An implementation of these modules and techniques may be stored on or transmitted across some form of computer readable media. Computer readable media can be any available media that can be accessed by a computer. By way of example, and not limitation, computer readable media may comprise “computer storage media” and “communications media.”
“Computer storage media” includes volatile and non-volatile, removable and non-removable media implemented in any method or technology for storage of information such as computer readable instructions, data structures, program modules, or other data. Computer storage media includes, but is not limited to, RAM, ROM, EEPROM, flash memory or other memory technology, CD-ROM, digital versatile disks (DVD) or other optical storage, magnetic cassettes, magnetic tape, magnetic disk storage or other magnetic storage devices, or any other medium which can be used to store the desired information and which can be accessed by a computer.
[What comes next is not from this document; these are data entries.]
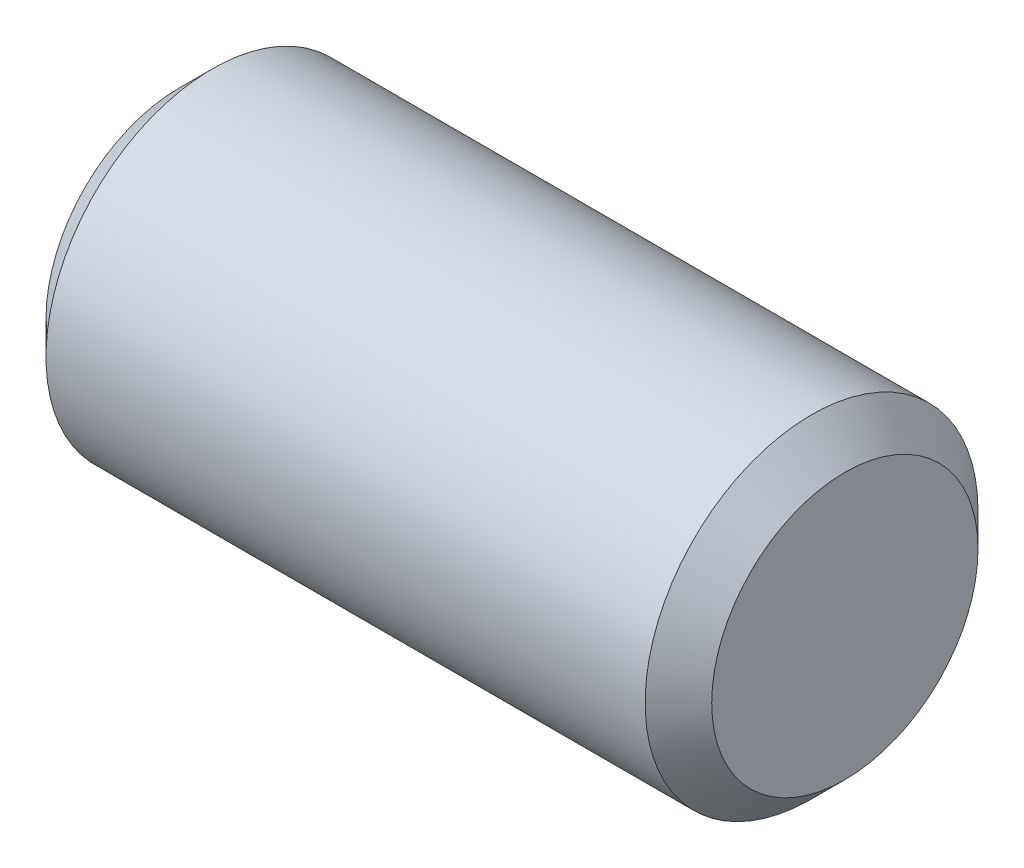
from build123d import *

# Parameters (mm, degrees)
SKETCH2_R           = 3.175
EXTRUDE1_DEPTH      = 6.35
EXTRUDE1_DEPTH_BACK = 6.35
CHAMFER1_SIZE       = 0.635


with BuildPart() as part:
    # Sketch2 → Extrude1 (new body, two sides)
    with BuildSketch(Plane(origin=(0, 0, 0), x_dir=(0, 0, -1), z_dir=(1, 0, 0))) as extrude1_sk:
        Circle(SKETCH2_R)
    extrude(amount=EXTRUDE1_DEPTH)
    extrude(extrude1_sk.sketch, amount=-EXTRUDE1_DEPTH_BACK)

    # Chamfer1
    chamfer1_edges = [part.edges().sort_by_distance(p)[0] for p in [
        (-6.35, 0, 3.175),
        (6.35, 0, 3.175),
    ]]
    chamfer(chamfer1_edges, length=CHAMFER1_SIZE)


solid = part.part
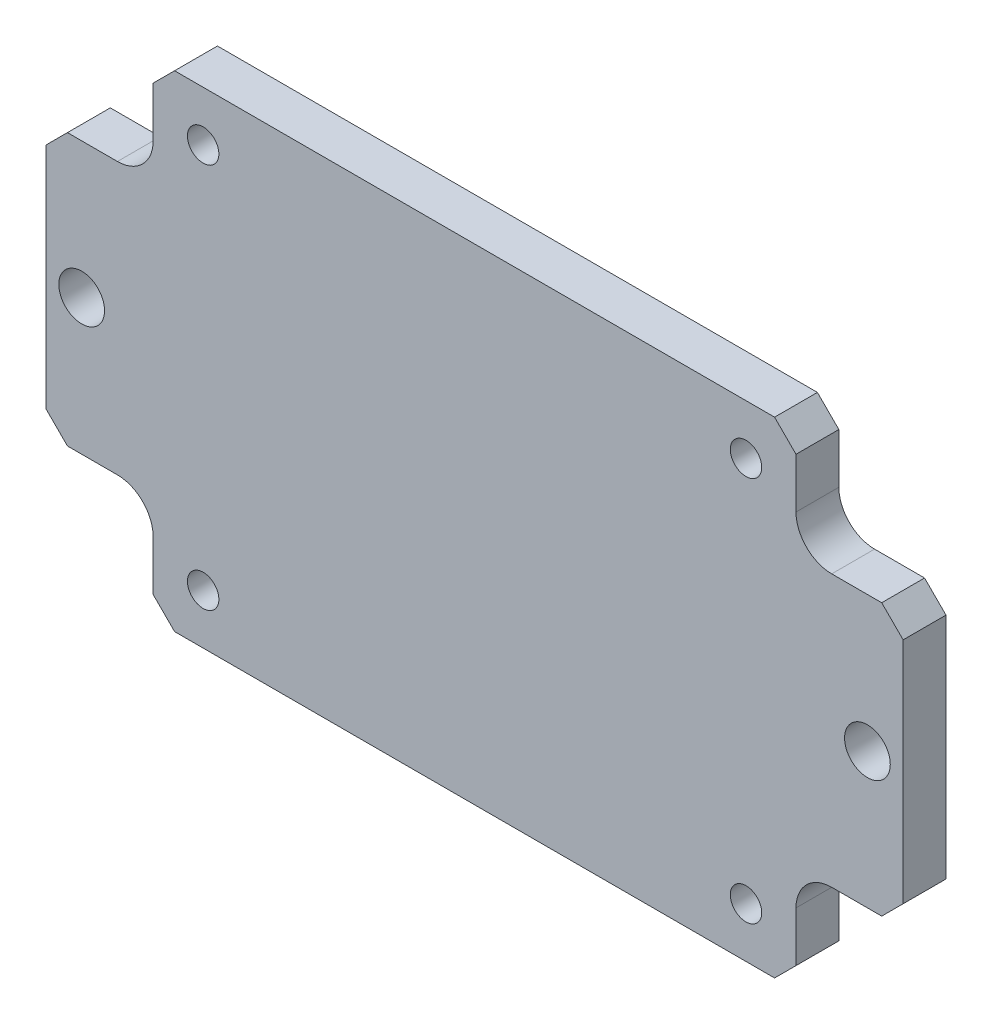
from build123d import *

# Parameters (mm, degrees)
SKETCH1_W                = 60
SKETCH1_H                = 34
BOSS_EXTRUDE1_DEPTH      = 3
CUT_EXTRUDE1_REACH       = 5
M2_CLEARANCE_HOLE1_D     = 2.2
M2_CLEARANCE_HOLE1_DEPTH = 3
M3_CLEARANCE_HOLE1_D     = 3.2
M3_CLEARANCE_HOLE1_DEPTH = 3
CUT_EXTRUDE2_DEPTH       = 0.2
FILLET2_R                = 4


with BuildPart() as part:
    # Sketch1 → Boss-Extrude1 (new body)
    with BuildSketch(Plane.XY):
        Rectangle(SKETCH1_W, SKETCH1_H)
    extrude(amount=BOSS_EXTRUDE1_DEPTH)

    # Sketch2 → Cut-Extrude1 (cut, up to next)
    with BuildSketch(Plane.XY.offset(3), mode=Mode.PRIVATE) as cut_extrude1_sk1:
        with BuildLine():
            Line((21, 17), (22.5, 15.5))
            Line((22.5, 15.5), (22.5, 12))
            ThreePointArc((22.5, 12), (23.232233047, 10.232233047), (25, 9.5))
            Line((25, 9.5), (28.5, 9.5))
            Line((28.5, 9.5), (30, 8))
            Line((30, 8), (30, 17))
            Line((30, 17), (21, 17))
        make_face()
    cut_extrude1_tool1 = extrude(cut_extrude1_sk1.sketch, amount=-CUT_EXTRUDE1_REACH, mode=Mode.PRIVATE) & part.part
    add(cut_extrude1_tool1.solids().sort_by_distance((26.30521, 13.30521, 3))[0], mode=Mode.SUBTRACT)
    # Sketch2 → Cut-Extrude1 (cut, up to next)
    with BuildSketch(Plane.XY.offset(3), mode=Mode.PRIVATE) as cut_extrude1_sk2:
        with BuildLine():
            Line((-30, 17), (-21, 17))
            Line((-21, 17), (-22.5, 15.5))
            Line((-22.5, 15.5), (-22.5, 12))
            ThreePointArc((-22.5, 12), (-23.232233047, 10.232233047), (-25, 9.5))
            Line((-25, 9.5), (-28.5, 9.5))
            Line((-28.5, 9.5), (-30, 8))
            Line((-30, 8), (-30, 17))
        make_face()
    cut_extrude1_tool2 = extrude(cut_extrude1_sk2.sketch, amount=-CUT_EXTRUDE1_REACH, mode=Mode.PRIVATE) & part.part
    add(cut_extrude1_tool2.solids().sort_by_distance((-26.30521, 13.30521, 3))[0], mode=Mode.SUBTRACT)
    # Sketch2 → Cut-Extrude1 (cut, up to next)
    with BuildSketch(Plane.XY.offset(3), mode=Mode.PRIVATE) as cut_extrude1_sk3:
        with BuildLine():
            Line((30, -8), (30, -17))
            Line((30, -17), (21, -17))
            Line((21, -17), (22.5, -15.5))
            Line((22.5, -15.5), (22.5, -12))
            ThreePointArc((22.5, -12), (23.232233047, -10.232233047), (25, -9.5))
            Line((25, -9.5), (28.5, -9.5))
            Line((28.5, -9.5), (30, -8))
        make_face()
    cut_extrude1_tool3 = extrude(cut_extrude1_sk3.sketch, amount=-CUT_EXTRUDE1_REACH, mode=Mode.PRIVATE) & part.part
    add(cut_extrude1_tool3.solids().sort_by_distance((26.30521, -13.30521, 3))[0], mode=Mode.SUBTRACT)
    # Sketch2 → Cut-Extrude1 (cut, up to next)
    with BuildSketch(Plane.XY.offset(3), mode=Mode.PRIVATE) as cut_extrude1_sk4:
        with BuildLine():
            Line((-22.5, -15.5), (-22.5, -12))
            ThreePointArc((-22.5, -12), (-23.232233047, -10.232233047), (-25, -9.5))
            Line((-25, -9.5), (-28.5, -9.5))
            Line((-28.5, -9.5), (-30, -8))
            Line((-30, -8), (-30, -17))
            Line((-30, -17), (-21, -17))
            Line((-21, -17), (-22.5, -15.5))
        make_face()
    cut_extrude1_tool4 = extrude(cut_extrude1_sk4.sketch, amount=-CUT_EXTRUDE1_REACH, mode=Mode.PRIVATE) & part.part
    add(cut_extrude1_tool4.solids().sort_by_distance((-26.30521, -13.30521, 3))[0], mode=Mode.SUBTRACT)

    # M2 Clearance Hole1
    with Locations(Plane.XY.offset(3)):
        with Locations((19, 13.5), (-19, -13.5), (-19, 13.5), (19, -13.5)):
            Hole(M2_CLEARANCE_HOLE1_D / 2, depth=M2_CLEARANCE_HOLE1_DEPTH)

    # M3 Clearance Hole1
    with Locations(Plane.XY.offset(3)):
        with Locations((-27.5, 0), (27.5, 0)):
            Hole(M3_CLEARANCE_HOLE1_D / 2, depth=M3_CLEARANCE_HOLE1_DEPTH)

    # Sketch7 → Cut-Extrude2 (cut)
    with BuildSketch(Plane(origin=(0, 0, 0), x_dir=(-1, 0, 0), z_dir=(0, 0, -1))):
        with BuildLine():
            Line((-7.5, -13), (7.5, -13))
            ThreePointArc((7.5, -13), (17.577822185, -10.323688824), (25, -3))
            Line((25, -3), (25, 3))
            ThreePointArc((25, 3), (17.577822185, 10.323688824), (7.5, 13))
            Line((7.5, 13), (-7.5, 13))
            ThreePointArc((-7.5, 13), (-17.577822185, 10.323688824), (-25, 3))
            Line((-25, 3), (-25, -3))
            ThreePointArc((-25, -3), (-17.577822185, -10.323688824), (-7.5, -13))
        make_face()
    extrude(amount=-CUT_EXTRUDE2_DEPTH, mode=Mode.SUBTRACT)

    # Fillet2
    fillet2_edges = [part.edges().sort_by_distance(p)[0] for p in [
        (25, -3, 0.1),
        (25, 3, 0.1),
        (-25, 3, 0.1),
        (-25, -3, 0.1),
    ]]
    fillet(fillet2_edges, radius=FILLET2_R)


solid = part.part
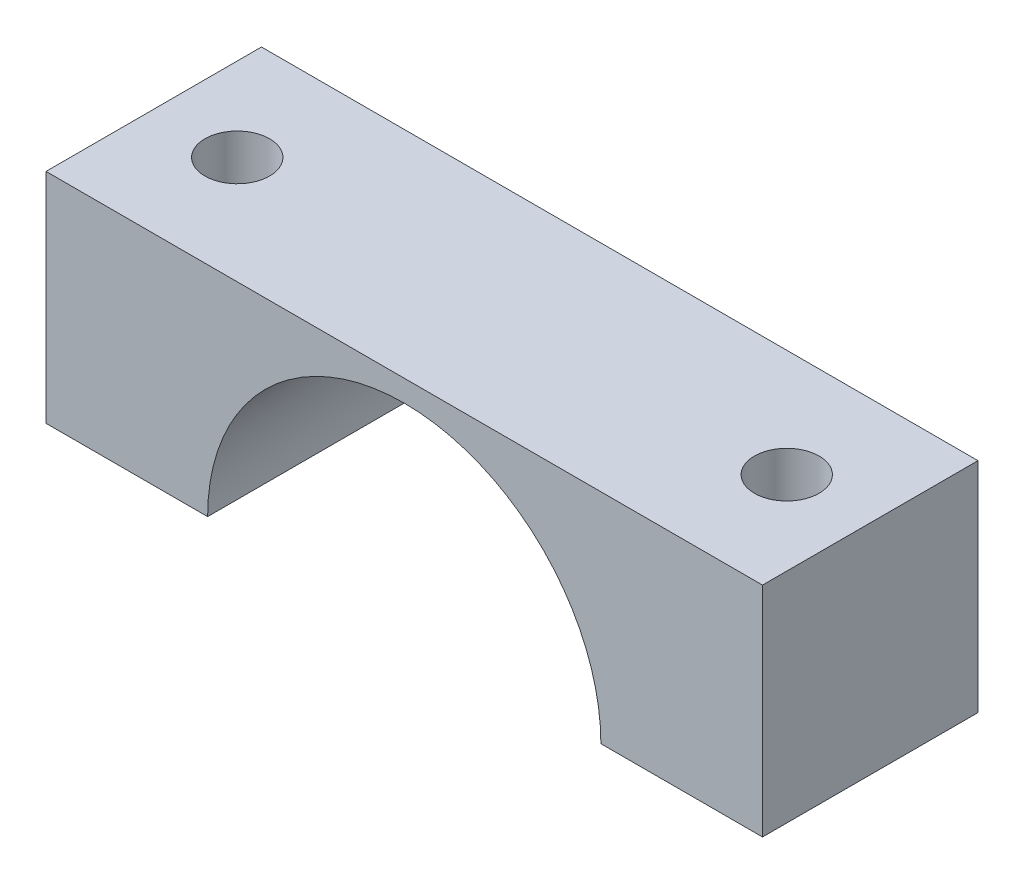
from build123d import *

# Parameters (mm, degrees)
EXTRUDE_1_DEPTH     = 20
SKETCH_2_R          = 3
CUT_EXTRUDE_1_DEPTH = 21.25


with BuildPart() as part:
    # 草图1 → 凸台-拉伸1 (new body)
    with BuildSketch(Plane.XY):
        with BuildLine():
            Line((-33.25, 0), (-18.25, 0))
            ThreePointArc((-18.25, 0), (0, 18.25), (18.25, 0))
            Line((18.25, 0), (33.25, 0))
            Line((33.25, 0), (33.25, 20.25))
            Line((33.25, 20.25), (-33.25, 20.25))
            Line((-33.25, 20.25), (-33.25, 0))
        make_face()
    extrude(amount=EXTRUDE_1_DEPTH)

    # 草图2 → 切除-拉伸1 (cut, through all)
    with BuildSketch(Plane(origin=(0, 20.25, 0), x_dir=(1, 0, 0), z_dir=(0, 1, 0))):
        with Locations((-25.5, -10)):
            Circle(SKETCH_2_R)
        with Locations((25.5, -10)):
            Circle(SKETCH_2_R)
    extrude(amount=-CUT_EXTRUDE_1_DEPTH, mode=Mode.SUBTRACT)


solid = part.part
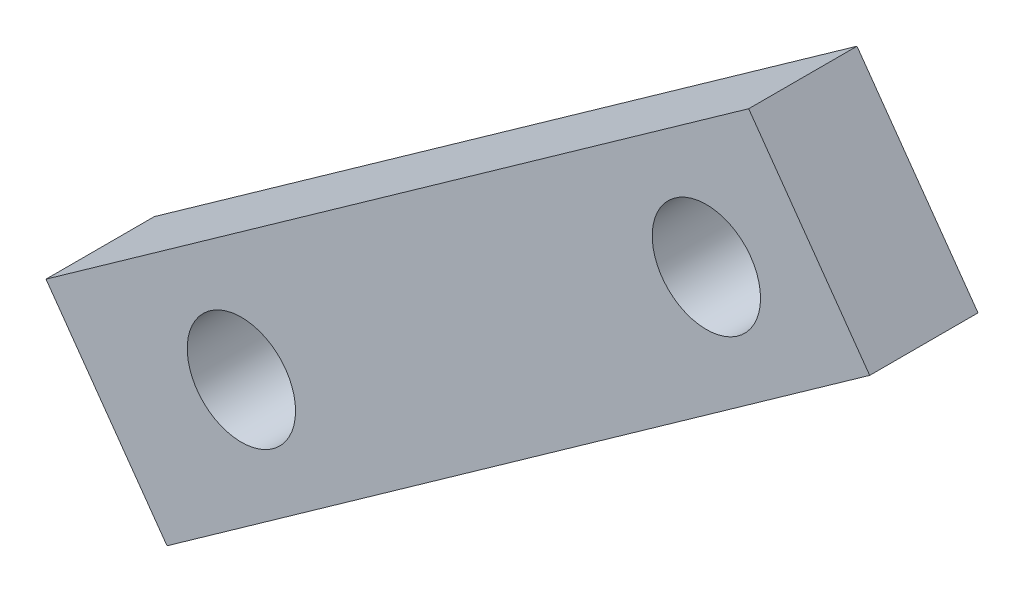
from build123d import *

# Parameters (mm, degrees)
BOSS_EXTRUDE1_DEPTH = 2.54


with BuildPart() as part:
    # Sketch1 → Boss-Extrude1 (new body)
    with BuildSketch(Plane.XY):
        with BuildLine():
            Line((-19.895895452, 5.257641235), (-22.301043484, 3.549986133))
            Line((-22.301043484, 3.549986133), (-21.620166741, 2.584921984))
            ThreePointArc((-21.620166741, 2.584921984), (-20.673812198, 2.799001601), (-19.852490319, 2.282428882))
            Line((-19.852490319, 2.282428882), (-18.476919787, 3.25908396))
            Line((-18.476919787, 3.25908396), (-19.895895452, 5.257641235))
        make_face()
        with BuildLine():
            Line((-17.057944121, 1.260526684), (-18.476919787, 3.25908396))
            Line((-18.476919787, 3.25908396), (-19.852490319, 2.282428882))
            ThreePointArc((-19.852490319, 2.282428882), (-19.678061583, 1.933053448), (-19.618026709, 1.547198045))
            ThreePointArc((-19.618026709, 1.547198045), (-19.76048118, 0.962782884), (-20.155886678, 0.509474105))
            Line((-20.155886678, 0.509474105), (-19.475009935, -0.455590043))
            Line((-19.475009935, -0.455590043), (-17.057944121, 1.260526684))
        make_face()
        with BuildLine():
            Line((-21.9235631, 0.811967207), (-30.756728475, -5.459580209))
            ThreePointArc((-30.756728475, -5.459580209), (-30.582299739, -5.808955643), (-30.522264866, -6.194811046))
            ThreePointArc((-30.522264866, -6.194811046), (-30.663849348, -6.77754462), (-31.057034029, -7.230347437))
            Line((-31.057034029, -7.230347437), (-30.3732892, -8.193368322))
            Line((-30.3732892, -8.193368322), (-19.475009935, -0.455590043))
            Line((-19.475009935, -0.455590043), (-20.155886678, 0.509474105))
            ThreePointArc((-20.155886678, 0.509474105), (-21.102241221, 0.295394489), (-21.9235631, 0.811967207))
        make_face()
        with BuildLine():
            Line((-22.301043484, 3.549986133), (-33.211240531, -4.196253771))
            Line((-33.211240531, -4.196253771), (-32.527495703, -5.159274656))
            ThreePointArc((-32.527495703, -5.159274656), (-31.579916773, -4.942689532), (-30.756728475, -5.459580209))
            Line((-30.756728475, -5.459580209), (-21.9235631, 0.811967207))
            ThreePointArc((-21.9235631, 0.811967207), (-22.139830266, 1.761412556), (-21.620166741, 2.584921984))
            Line((-21.620166741, 2.584921984), (-22.301043484, 3.549986133))
        make_face()
        with BuildLine():
            Line((-33.211240531, -4.196253771), (-36.374783749, -6.442369456))
            Line((-36.374783749, -6.442369456), (-34.955808084, -8.440926731))
            Line((-34.955808084, -8.440926731), (-32.827801256, -6.930041884))
            ThreePointArc((-32.827801256, -6.930041884), (-33.04438638, -5.982462953), (-32.527495703, -5.159274656))
            Line((-32.527495703, -5.159274656), (-33.211240531, -4.196253771))
        make_face()
        with BuildLine():
            Line((-32.827801256, -6.930041884), (-34.955808084, -8.440926731))
            Line((-34.955808084, -8.440926731), (-33.536832418, -10.439484007))
            Line((-33.536832418, -10.439484007), (-30.3732892, -8.193368322))
            Line((-30.3732892, -8.193368322), (-31.057034029, -7.230347437))
            ThreePointArc((-31.057034029, -7.230347437), (-32.004612959, -7.446932561), (-32.827801256, -6.930041884))
        make_face()
    extrude(amount=BOSS_EXTRUDE1_DEPTH)


solid = part.part
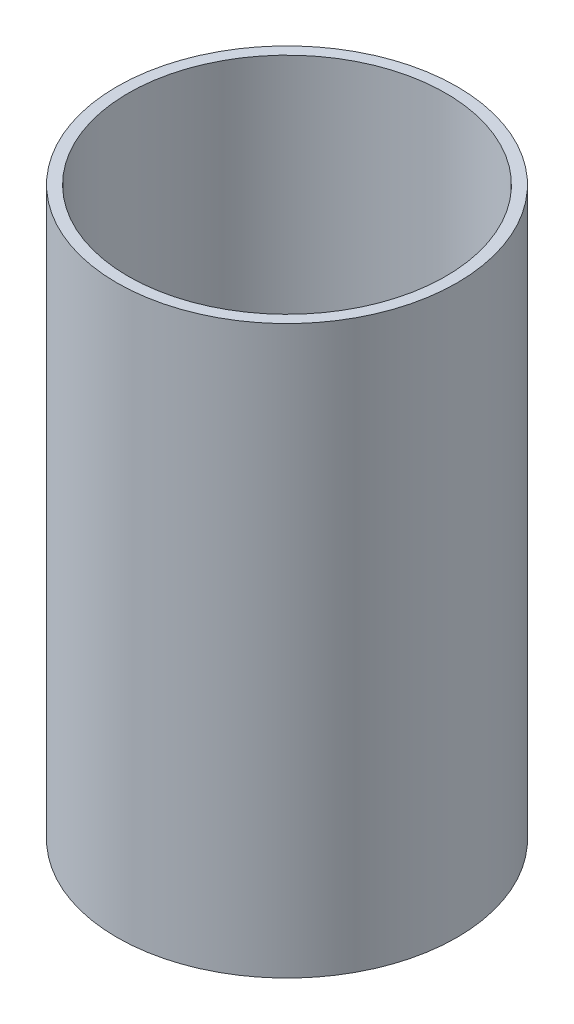
from build123d import *

# Parameters (mm, degrees)
SKETCH1_R           = 30
BOSS_EXTRUDE1_DEPTH = 100
SHELL1_T            = -2


with BuildPart() as part:
    # Sketch1 → Boss-Extrude1 (new body)
    with BuildSketch(Plane(origin=(0, 0, 0), x_dir=(1, 0, 0), z_dir=(0, 1, 0))):
        with Locations(Location((0, 0, 0), (0, 0, 270))):
            Circle(SKETCH1_R)
    extrude(amount=BOSS_EXTRUDE1_DEPTH)

    # Shell1
    shell1_openings = [part.faces().sort_by_distance(p)[0] for p in [
        (0, 100, 0),
    ]]
    offset(amount=SHELL1_T, openings=shell1_openings, kind=Kind.INTERSECTION)


solid = part.part

“Communication media” typically embodies computer readable instructions, data structures, program modules, or other data in a modulated data signal, such as carrier wave or other transport mechanism. Communication media also includes any information delivery media. The term “modulated data signal” means a signal that has one or more of its characteristics set or changed in such a manner as to encode information in the signal. As a non-limiting example only, communication media includes wired media such as a wired network or direct-wired connection, and wireless media such as acoustic, RF, infrared, and other wireless media. Combinations of any of the above are also included within the scope of computer readable media.
Reference has been made throughout this specification to “one embodiment,” “an embodiment,” or “an example embodiment” meaning that a particular described feature, structure, or characteristic is included in at least one embodiment of the present invention. Thus, usage of such phrases may refer to more than just one embodiment. Furthermore, the described features, structures, or characteristics may be combined in any suitable manner in one or more embodiments.
One skilled in the relevant art may recognize, however, that the invention may be practiced without one or more of the specific details, or with other methods, resources, materials, etc. In other instances, well known structures, resources, or operations have not been shown or described in detail merely to avoid obscuring aspects of the invention.
While example embodiments and applications have been illustrated and described, it is to be understood that the invention is not limited to the precise configuration and resources described above. Various modifications, changes, and variations apparent to those skilled in the art may be made in the arrangement, operation, and details of the methods and systems of the present invention disclosed herein without departing from the scope of the claimed invention.